The Uncoded Myeloid Profiler RNA Panel uses advanced bioinformatics tools to analyze sequencing reads and detect fusion transcripts. These include:
- Alignment and fusion junction analysis software
- Annotation pipelines for known and novel events
- Automated reporting templates for clinical documentation
These tools ensure that the output isn’t just accurate, but also actionable.
What Are the Methods to Detect RNA?
There are multiple ways to detect RNA and fusion transcripts, including:
- RT-PCR: Good for single targets but limited in scope
- FISH (Fluorescence In Situ Hybridization): Often used but less comprehensive
- NGS-based methods: Like the Myeloid Profiler RNA Panel, which offers broad, sensitive detection
This method stands out due to its scalability, depth, and ability to handle low-quality RNA inputs.
Conclusion:
Genetic fusions are crucial drivers in myeloid cancers. Its timely and accurate detection can improve diagnosis and guide treatment strategies. With the Myeloid Profiler RNA Panel, Uncoded offers a reliable and high-performance solution adapted to the needs of researchers and doctors.
This RNA fusion panel is built for real-world laboratories that deal with variable sample types, work under tight deadlines and still wish to exceed the limits of precision oncology. Whether for research or diagnosis, this tool can significantly increase the way we address gene fusion detection in myeloid neoplasms.
FAQs :
1. What is an RNA fusion?
A: It’s a hybrid RNA formed when two different genes join together due to chromosomal changes.

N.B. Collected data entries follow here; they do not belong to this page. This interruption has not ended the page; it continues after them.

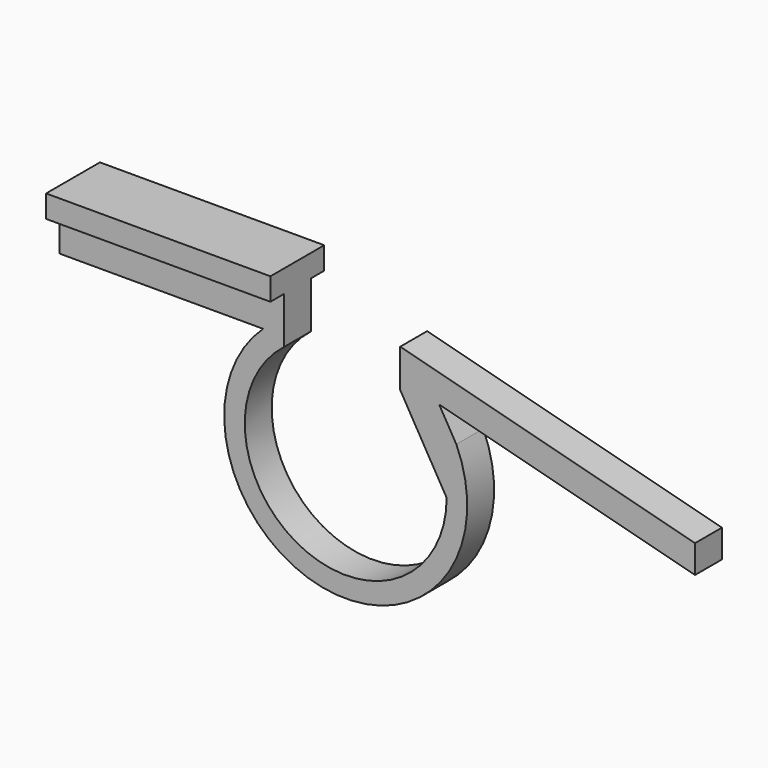
from build123d import *

# Parameters (mm, degrees)
F1_DEPTH = 1.143
F2_DEPTH = 1.143
F4_DEPTH = 15.24


# Not quite as in the source:
# - a feature names something its author has since deleted; it is built from what else it names


with BuildPart() as f1:
    # F0 (on Front) → F1 (new body, symmetric)
    with BuildSketch(Plane.XZ):
        with BuildLine():
            Line((0, 2.597206724), (0, 0))
            Line((0, 0), (3.1534308471, -5.4197111054))
            ThreePointArc((3.1534308471, -5.4197111054), (-6.7222786548, -11.5780869759), (-7.9068180192, 0))
            Line((-7.9068180192, 0), (-7.9068180192, 0.635))
            Line((-7.9068180192, 0.635), (-9.3157631818, 0.635))
            ThreePointArc((-9.3157631818, 0.635), (-5.3307842554, -13.5129459), (3.8098860109, -2.0024038921))
            Line((3.8098860109, -2.0024038921), (2.6447976734, 0))
            Line((2.6447976734, 0), (20.0257543474, -4.549011518))
            Line((20.0257543474, -4.549011518), (20.0257543474, -2.644011518))
            Line((20.0257543474, -2.644011518), (0, 2.597206724))
        make_face()
    extrude(amount=F1_DEPTH, both=True)

    # F0 (on Front) → F2 (join, symmetric)
    with BuildSketch(Plane.XZ):
        Polygon((-9.3157631818, 0.635), (-7.9068180192, 0.635), (-7.9068180192, 3.175), (-23.1468180192, 3.175), (-23.1468180192, 0.635), align=None)
    extrude(amount=F2_DEPTH, both=True)

    # F3 (on face) → F4 (join, through all)
    with BuildSketch(Plane(origin=(-23.1468180192, 0, 0), x_dir=(0, -1, 0), z_dir=(-1, 0, 0))):
        Polygon((-2.286, 4.699), (-2.286, 3.175), (0, 3.175), (2.286, 3.175), (2.286, 4.699), (0, 4.699), align=None)
    extrude(amount=-F4_DEPTH)


solid = f1.part
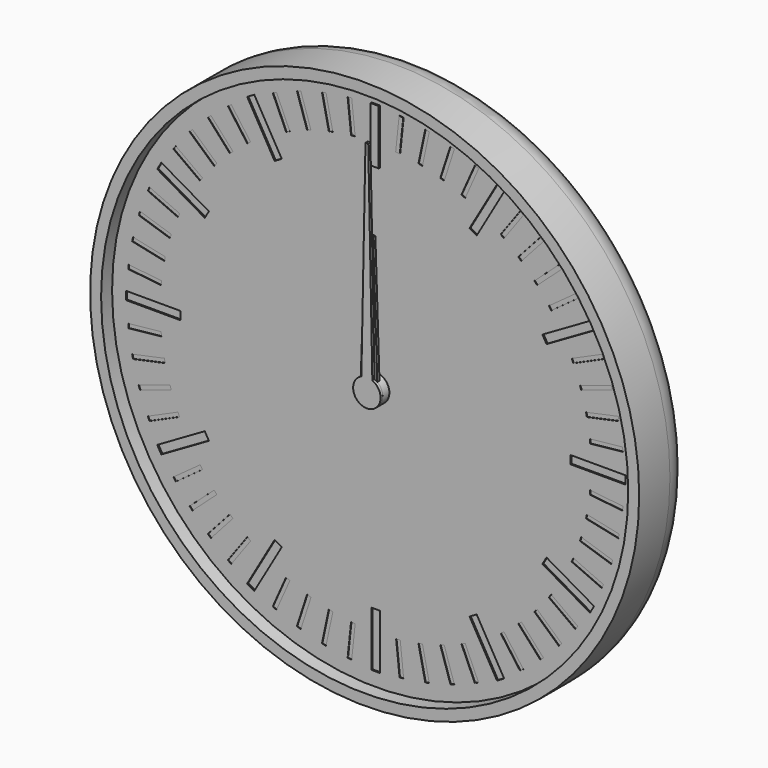
from build123d import *

# Parameters (mm, degrees)
F0_R      = 100
F1_DEPTH  = 24
F2_R      = 10
F3_T      = -4
F4_R      = 5
F4_R_2    = 3
F5_DEPTH  = 2
F6_DEPTH  = 19
F7_DEPTH  = 8
F9_DEPTH  = 4
F11_DEPTH = 4
F12_R     = 5
F12_R_2   = 3
F13_DEPTH = 2
F14_R     = 3
F15_DEPTH = 4
F17_DEPTH = 4
F18_R     = 3
F19_DEPTH = 2
F20_R     = 98
F20_R_2   = 5
F21_DEPTH = 1
F23_R     = 5
F23_R_2   = 3
F24_DEPTH = 2
F25_W     = 3
F25_H     = 20
F25_W_2   = 20
F25_H_2   = 3
F26_DEPTH = 0.5
F27_W     = 1.5
F27_H     = 12
F27_W_2   = 12
F27_H_2   = 1.5
F28_DEPTH = 0.2
F29_DEPTH = 1
F30_DEPTH = 0.4
F31_R     = 5
F31_R_2   = 3
F32_DEPTH = 5
F33_R     = 3
F34_DEPTH = 1
F36_DEPTH = 1


with BuildPart() as f1:
    # F0 (on Front) → F1 (new body)
    with BuildSketch(Plane.XZ):
        Circle(F0_R)
    extrude(amount=F1_DEPTH)

    # F2
    f2_edges = [f1.edges().sort_by_distance(p)[0] for p in [
        (-100, 0, 0),
    ]]
    fillet(f2_edges, radius=F2_R)

    # F3
    f3_openings = [f1.faces().sort_by_distance(p)[0] for p in [
        (0, -24, 0),
    ]]
    offset(amount=F3_T, openings=f3_openings)

    # F4 (on face) → F5 (join)
    with BuildSketch(Plane.XZ.offset(4)):
        Circle(F4_R)
        Circle(F4_R_2, mode=Mode.SUBTRACT)
        with Locations((40, 0)):
            Circle(F4_R)
        with Locations((40, 0)):
            Circle(F4_R_2, mode=Mode.SUBTRACT)
    extrude(amount=F5_DEPTH)


with BuildPart() as f6:
    # F6 (new): a face of the model
    f6_faces = [f1.part.faces().sort_by_distance(p)[0] for p in [
        (0, -4, 0),
    ]]
    extrude(f6_faces, amount=F6_DEPTH)

    # F8 (on face) → F9 (join)
    with BuildSketch(Plane.XZ.offset(6)):
        with BuildLine():
            ThreePointArc((9.2729637667, -1.3794085621), (9.3494561423, -0.6915886375), (9.375, 0))
            ThreePointArc((9.375, 0), (9.3494561423, 0.6915886375), (9.2729637667, 1.3794085621))
            ThreePointArc((9.2729637667, 1.3794085621), (8.9161548403, 2.8970343223), (8.3127812852, 4.3345463782))
            ThreePointArc((8.3127812852, 4.3345463782), (7.5845343223, 5.5104867402), (6.6911892658, 6.566476316))
            ThreePointArc((6.6911892658, 6.566476316), (5.5104867402, 7.5845343223), (4.1773988938, 8.3928519278))
            ThreePointArc((4.1773988938, 8.3928519278), (2.8970343223, 8.9161548403), (1.5536078905, 9.2453733036))
            ThreePointArc((1.5536078905, 9.2453733036), (0, 9.375), (-1.5536078905, 9.2453733036))
            ThreePointArc((-1.5536078905, 9.2453733036), (-2.8970343223, 8.9161548403), (-4.1773988938, 8.3928519278))
            ThreePointArc((-4.1773988938, 8.3928519278), (-5.5104867402, 7.5845343223), (-6.6911892658, 6.566476316))
            ThreePointArc((-6.6911892658, 6.566476316), (-7.5845343223, 5.5104867402), (-8.3127812852, 4.3345463782))
            ThreePointArc((-8.3127812852, 4.3345463782), (-8.9161548403, 2.8970343223), (-9.2729637667, 1.3794085621))
            ThreePointArc((-9.2729637667, 1.3794085621), (-9.375, 0), (-9.2729637667, -1.3794085621))
            ThreePointArc((-9.2729637667, -1.3794085621), (-8.9161548403, -2.8970343223), (-8.3127812852, -4.3345463782))
            ThreePointArc((-8.3127812852, -4.3345463782), (-7.5845343223, -5.5104867402), (-6.6911892658, -6.566476316))
            ThreePointArc((-6.6911892658, -6.566476316), (-5.5104867402, -7.5845343223), (-4.1773988938, -8.3928519278))
            ThreePointArc((-4.1773988938, -8.3928519278), (-2.8970343223, -8.9161548403), (-1.5536078905, -9.2453733036))
            ThreePointArc((-1.5536078905, -9.2453733036), (0, -9.375), (1.5536078905, -9.2453733036))
            ThreePointArc((1.5536078905, -9.2453733036), (2.8970343223, -8.9161548403), (4.1773988938, -8.3928519278))
            ThreePointArc((4.1773988938, -8.3928519278), (5.5104867402, -7.5845343223), (6.6911892658, -6.566476316))
            ThreePointArc((6.6911892658, -6.566476316), (7.5845343223, -5.5104867402), (8.3127812852, -4.3345463782))
            ThreePointArc((8.3127812852, -4.3345463782), (8.9161548403, -2.8970343223), (9.2729637667, -1.3794085621))
        make_face()
        with BuildLine():
            ThreePointArc((8.3127812852, 4.3345463782), (8.9161548403, 2.8970343223), (9.2729637667, 1.3794085621))
            Line((9.2729637667, 1.3794085621), (11.1823199426, 2.3946312492))
            Line((11.1823199426, 2.3946312492), (10.8182678729, 3.515068311))
            Line((10.8182678729, 3.515068311), (10.4542158031, 4.6355053728))
            Line((10.4542158031, 4.6355053728), (8.3127812852, 4.3345463782))
        make_face()
        with BuildLine():
            Line((11.1823199426, -2.3946312492), (9.2729637667, -1.3794085621))
            ThreePointArc((9.2729637667, -1.3794085621), (8.9161548403, -2.8970343223), (8.3127812852, -4.3345463782))
            Line((8.3127812852, -4.3345463782), (10.4542158031, -4.6355053728))
            Line((10.4542158031, -4.6355053728), (10.8182678729, -3.515068311))
            Line((10.8182678729, -3.515068311), (11.1823199426, -2.3946312492))
        make_face()
        with BuildLine():
            ThreePointArc((4.1773988938, 8.3928519278), (5.5104867402, 7.5845343223), (6.6911892658, 6.566476316))
            Line((6.6911892658, 6.566476316), (7.6391579371, 8.5101001246))
            Line((7.6391579371, 8.5101001246), (6.6860572448, 9.202568311))
            Line((6.6860572448, 9.202568311), (5.7329565525, 9.8950364974))
            Line((5.7329565525, 9.8950364974), (4.1773988938, 8.3928519278))
        make_face()
        with BuildLine():
            Line((7.6391579371, -8.5101001246), (6.6911892658, -6.566476316))
            ThreePointArc((6.6911892658, -6.566476316), (5.5104867402, -7.5845343223), (4.1773988938, -8.3928519278))
            Line((4.1773988938, -8.3928519278), (5.7329565525, -9.8950364974))
            Line((5.7329565525, -9.8950364974), (6.6860572448, -9.202568311))
            Line((6.6860572448, -9.202568311), (7.6391579371, -8.5101001246))
        make_face()
        with BuildLine():
            ThreePointArc((-1.5536078905, 9.2453733036), (0, 9.375), (1.5536078905, 9.2453733036))
            Line((1.5536078905, 9.2453733036), (1.1780972451, 11.375))
            Line((1.1780972451, 11.375), (0, 11.375))
            Line((0, 11.375), (-1.1780972451, 11.375))
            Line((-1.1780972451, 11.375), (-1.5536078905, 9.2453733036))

2. Can NGS detect gene fusions?
A: Yes, especially when using targeted RNA sequencing, NGS is highly effective at detecting known and novel fusion events.
3. Is this method useful for both research and clinical purposes?
A: Absolutely. The panel supports translational research and has strong potential for diagnostic workflows.
4. How much RNA is needed?
A: As little as 100 ng of total RNA is sufficient.
5. What platforms is it compatible with?
A: It works with most major NGS platforms and bioinformatics pipelines.